**Task goal**:
Starting with the opening line of the entries below, transcribe each line exactly up to and including the one that has "import ezdxf"; pictures are not copied.

[Items from a dataset]
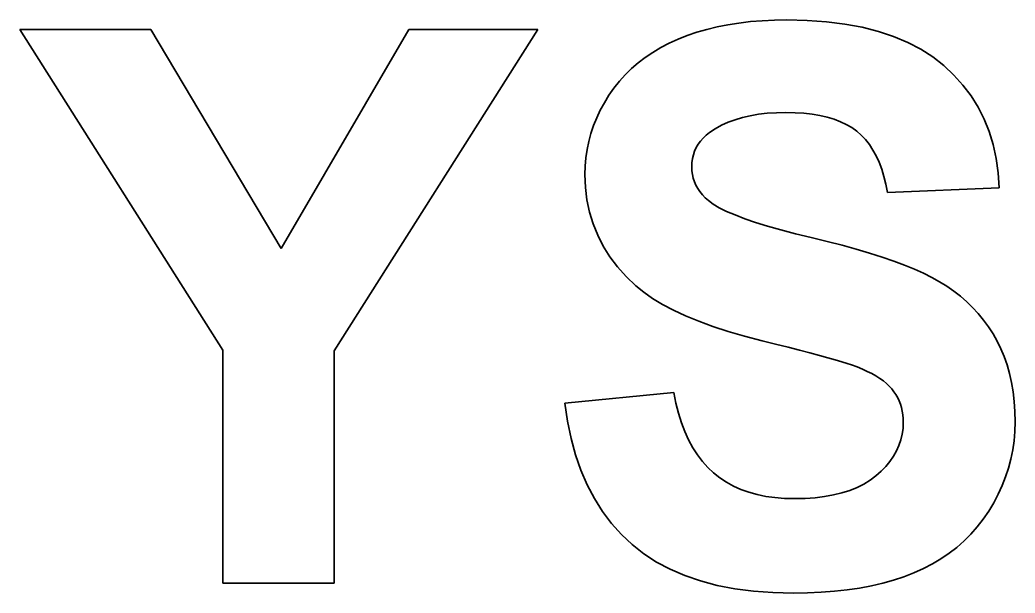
# Model space of a CAD drawing. Extents: x 23 to 417, y 3 to 294.
# Drawn here: x 213.307 to 214.745, y 106.909 to 107.737 of the extents above; entities that cross this region are included whole.
import ezdxf

# ---------------------------------------------------------------- set-up
doc = ezdxf.new("R2010")
doc.units = 0
doc.layers.get('0').update_dxf_attribs({"lineweight": 13})

# ---------------------------------------------------------------- blocks, each defined once
blk = doc.blocks.new('BLOCK4760')
at = {"color": 7, "lineweight": 35, "ltscale": 0.001921}
blk.add_line((-33.161, 42.0592), (-33.0863, 42.0773), dxfattribs=at)
at = {"color": 7, "lineweight": 35, "ltscale": 0.001972}
blk.add_line((-33.0863, 42.0773), (-33.0089, 42.0926), dxfattribs=at)
at = {"color": 7, "lineweight": 35, "ltscale": 0.002026}
blk.add_line((-33.0089, 42.0926), (-32.9289, 42.1051), dxfattribs=at)
at = {"color": 7, "lineweight": 35, "ltscale": 0.002084}
blk.add_line((-32.9289, 42.1051), (-32.8461, 42.1149), dxfattribs=at)
at = {"color": 7, "lineweight": 35, "ltscale": 0.002144}
blk.add_line((-32.8461, 42.1149), (-32.7606, 42.1218), dxfattribs=at)
at = {"color": 7, "lineweight": 35, "ltscale": 0.002207}
blk.add_line((-32.7606, 42.1218), (-32.6724, 42.126), dxfattribs=at)
at = {"color": 7, "lineweight": 35, "ltscale": 0.002272}
blk.add_line((-32.6724, 42.126), (-32.5816, 42.1274), dxfattribs=at)
at = {"color": 7, "lineweight": 35, "ltscale": 0.003673}
blk.add_line((-32.5816, 42.1274), (-32.4347, 42.1241), dxfattribs=at)
at = {"color": 7, "lineweight": 35, "ltscale": 0.003495}
blk.add_line((-32.4347, 42.1241), (-32.2952, 42.1142), dxfattribs=at)
at = {"color": 7, "lineweight": 35, "ltscale": 0.003325}
blk.add_line((-32.2952, 42.1142), (-32.1632, 42.0977), dxfattribs=at)
at = {"color": 7, "lineweight": 35, "ltscale": 0.003167}
blk.add_line((-32.1632, 42.0977), (-32.0387, 42.0746), dxfattribs=at)
at = {"color": 7, "lineweight": 35, "ltscale": 0.00302}
blk.add_line((-32.0387, 42.0746), (-31.9216, 42.0449), dxfattribs=at)
at = {"color": 7, "lineweight": 35, "ltscale": 0.02367}
blk.add_line((-38.1232, 42.0592), (-37.1764, 42.0592), dxfattribs=at)
at = {"color": 7, "lineweight": 35, "ltscale": 0.068525}
blk.add_line((-36.658, 39.7427), (-38.1232, 42.0592), dxfattribs=at)
at = {"color": 7, "lineweight": 35, "ltscale": 0.046034}
blk.add_line((-37.1764, 42.0592), (-36.235, 40.4767), dxfattribs=at)
at = {"color": 7, "lineweight": 35, "ltscale": 0.045791}
blk.add_line((-36.235, 40.4767), (-35.3128, 42.0592), dxfattribs=at)
at = {"color": 7, "lineweight": 35, "ltscale": 0.068713}
blk.add_line((-34.3824, 42.0592), (-35.8531, 39.7372), dxfattribs=at)
at = {"color": 7, "lineweight": 35, "ltscale": 0.023261}
blk.add_line((-35.3128, 42.0592), (-34.3824, 42.0592), dxfattribs=at)
at = {"color": 7, "lineweight": 35, "ltscale": 0.001751}
blk.add_line((-33.4324, 41.9592), (-33.3687, 41.9883), dxfattribs=at)
at = {"color": 7, "lineweight": 35, "ltscale": 0.00179}
blk.add_line((-33.3687, 41.9883), (-33.3022, 42.0147), dxfattribs=at)
at = {"color": 7, "lineweight": 35, "ltscale": 0.00183}
blk.add_line((-33.3022, 42.0147), (-33.2329, 42.0384), dxfattribs=at)
at = {"color": 7, "lineweight": 35, "ltscale": 0.001873}
blk.add_line((-33.2329, 42.0384), (-33.161, 42.0592), dxfattribs=at)
at = {"color": 7, "lineweight": 35, "ltscale": 0.002888}
blk.add_line((-31.9216, 42.0449), (-31.812, 42.0086), dxfattribs=at)
at = {"color": 7, "lineweight": 35, "ltscale": 0.002771}
blk.add_line((-31.812, 42.0086), (-31.7098, 41.9656), dxfattribs=at)
at = {"color": 7, "lineweight": 35, "ltscale": 0.001674}
blk.add_line((-33.5506, 41.8933), (-33.4931, 41.9275), dxfattribs=at)
at = {"color": 7, "lineweight": 35, "ltscale": 0.00171}
blk.add_line((-33.4931, 41.9275), (-33.4324, 41.9592), dxfattribs=at)
at = {"color": 7, "lineweight": 35, "ltscale": 0.002673}
blk.add_line((-31.7098, 41.9656), (-31.615, 41.9161), dxfattribs=at)
at = {"color": 7, "lineweight": 35, "ltscale": 0.002594}
blk.add_line((-31.615, 41.9161), (-31.5277, 41.86), dxfattribs=at)
at = {"color": 7, "lineweight": 35, "ltscale": 0.001618}
blk.add_line((-33.6566, 41.8174), (-33.6051, 41.8566), dxfattribs=at)
at = {"color": 7, "lineweight": 35, "ltscale": 0.001643}
blk.add_line((-33.6051, 41.8566), (-33.5506, 41.8933), dxfattribs=at)
at = {"color": 7, "lineweight": 35, "ltscale": 0.002539}
for p, q in [((-31.5277, 41.86), (-31.4479, 41.7973)), ((-31.0921, 41.2268), (-31.0702, 41.1276))]:
    blk.add_line(p, q, dxfattribs=at)
at = {"color": 7, "lineweight": 35, "ltscale": 0.001585}
blk.add_line((-33.7504, 41.7313), (-33.705, 41.7756), dxfattribs=at)
at = {"color": 7, "lineweight": 35, "ltscale": 0.001599}
blk.add_line((-33.705, 41.7756), (-33.6566, 41.8174), dxfattribs=at)
at = {"color": 7, "lineweight": 35, "ltscale": 0.002489}
blk.add_line((-31.4479, 41.7973), (-31.3754, 41.729), dxfattribs=at)
at = {"color": 7, "lineweight": 35, "ltscale": 0.001578}
blk.add_line((-33.7926, 41.6844), (-33.7504, 41.7313), dxfattribs=at)
at = {"color": 7, "lineweight": 35, "ltscale": 0.002442}
blk.add_line((-31.3754, 41.729), (-31.3101, 41.6564), dxfattribs=at)
at = {"color": 7, "lineweight": 35, "ltscale": 0.001582}
for p, q in [((-33.8681, 41.5831), (-33.8319, 41.635)), ((-31.5352, 40.2679), (-31.4799, 40.2371)), ((-32.2866, 39.6878), (-32.3476, 39.7045))]:
    blk.add_line(p, q, dxfattribs=at)
at = {"color": 7, "lineweight": 35, "ltscale": 0.001577}
blk.add_line((-33.8319, 41.635), (-33.7926, 41.6844), dxfattribs=at)
at = {"color": 7, "lineweight": 35, "ltscale": 0.002412}
blk.add_line((-31.3101, 41.6564), (-31.252, 41.5793), dxfattribs=at)
at = {"color": 7, "lineweight": 35, "ltscale": 0.001573}
blk.add_line((-33.901, 41.5295), (-33.8681, 41.5831), dxfattribs=at)
at = {"color": 7, "lineweight": 35, "ltscale": 0.002401}
blk.add_line((-31.252, 41.5793), (-31.2012, 41.4978), dxfattribs=at)
at = {"color": 7, "lineweight": 35, "ltscale": 0.001546}
blk.add_line((-33.9304, 41.4751), (-33.901, 41.5295), dxfattribs=at)
at = {"color": 7, "lineweight": 35, "ltscale": 0.002409}
blk.add_line((-31.2012, 41.4978), (-31.1576, 41.4119), dxfattribs=at)
at = {"color": 7, "lineweight": 35, "ltscale": 0.001509}
blk.add_line((-33.979, 41.3639), (-33.9564, 41.4199), dxfattribs=at)
at = {"color": 7, "lineweight": 35, "ltscale": 0.001525}
blk.add_line((-33.9564, 41.4199), (-33.9304, 41.4751), dxfattribs=at)
at = {"color": 7, "lineweight": 35, "ltscale": 0.001397}
for p, q in [((-32.9035, 41.4228), (-32.9571, 41.4069)), ((-32.2328, 39.6726), (-32.2866, 39.6878))]:
    blk.add_line(p, q, dxfattribs=at)
at = {"color": 7, "lineweight": 35, "ltscale": 0.001453}
blk.add_line((-32.8469, 41.4358), (-32.9035, 41.4228), dxfattribs=at)
at = {"color": 7, "lineweight": 35, "ltscale": 0.001514}
for p, q in [((-32.7872, 41.4459), (-32.8469, 41.4358)), ((-32.9145, 38.7372), (-32.8575, 38.7168))]:
    blk.add_line(p, q, dxfattribs=at)
at = {"color": 7, "lineweight": 35, "ltscale": 0.001579}
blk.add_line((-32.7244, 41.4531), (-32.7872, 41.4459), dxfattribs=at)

**Your response**:
# Model space of a CAD drawing. Extents: x 23 to 417, y 3 to 294.
# Drawn here: x 213.307 to 214.745, y 106.909 to 107.737 of the extents above; entities that cross this region are included whole.
import ezdxf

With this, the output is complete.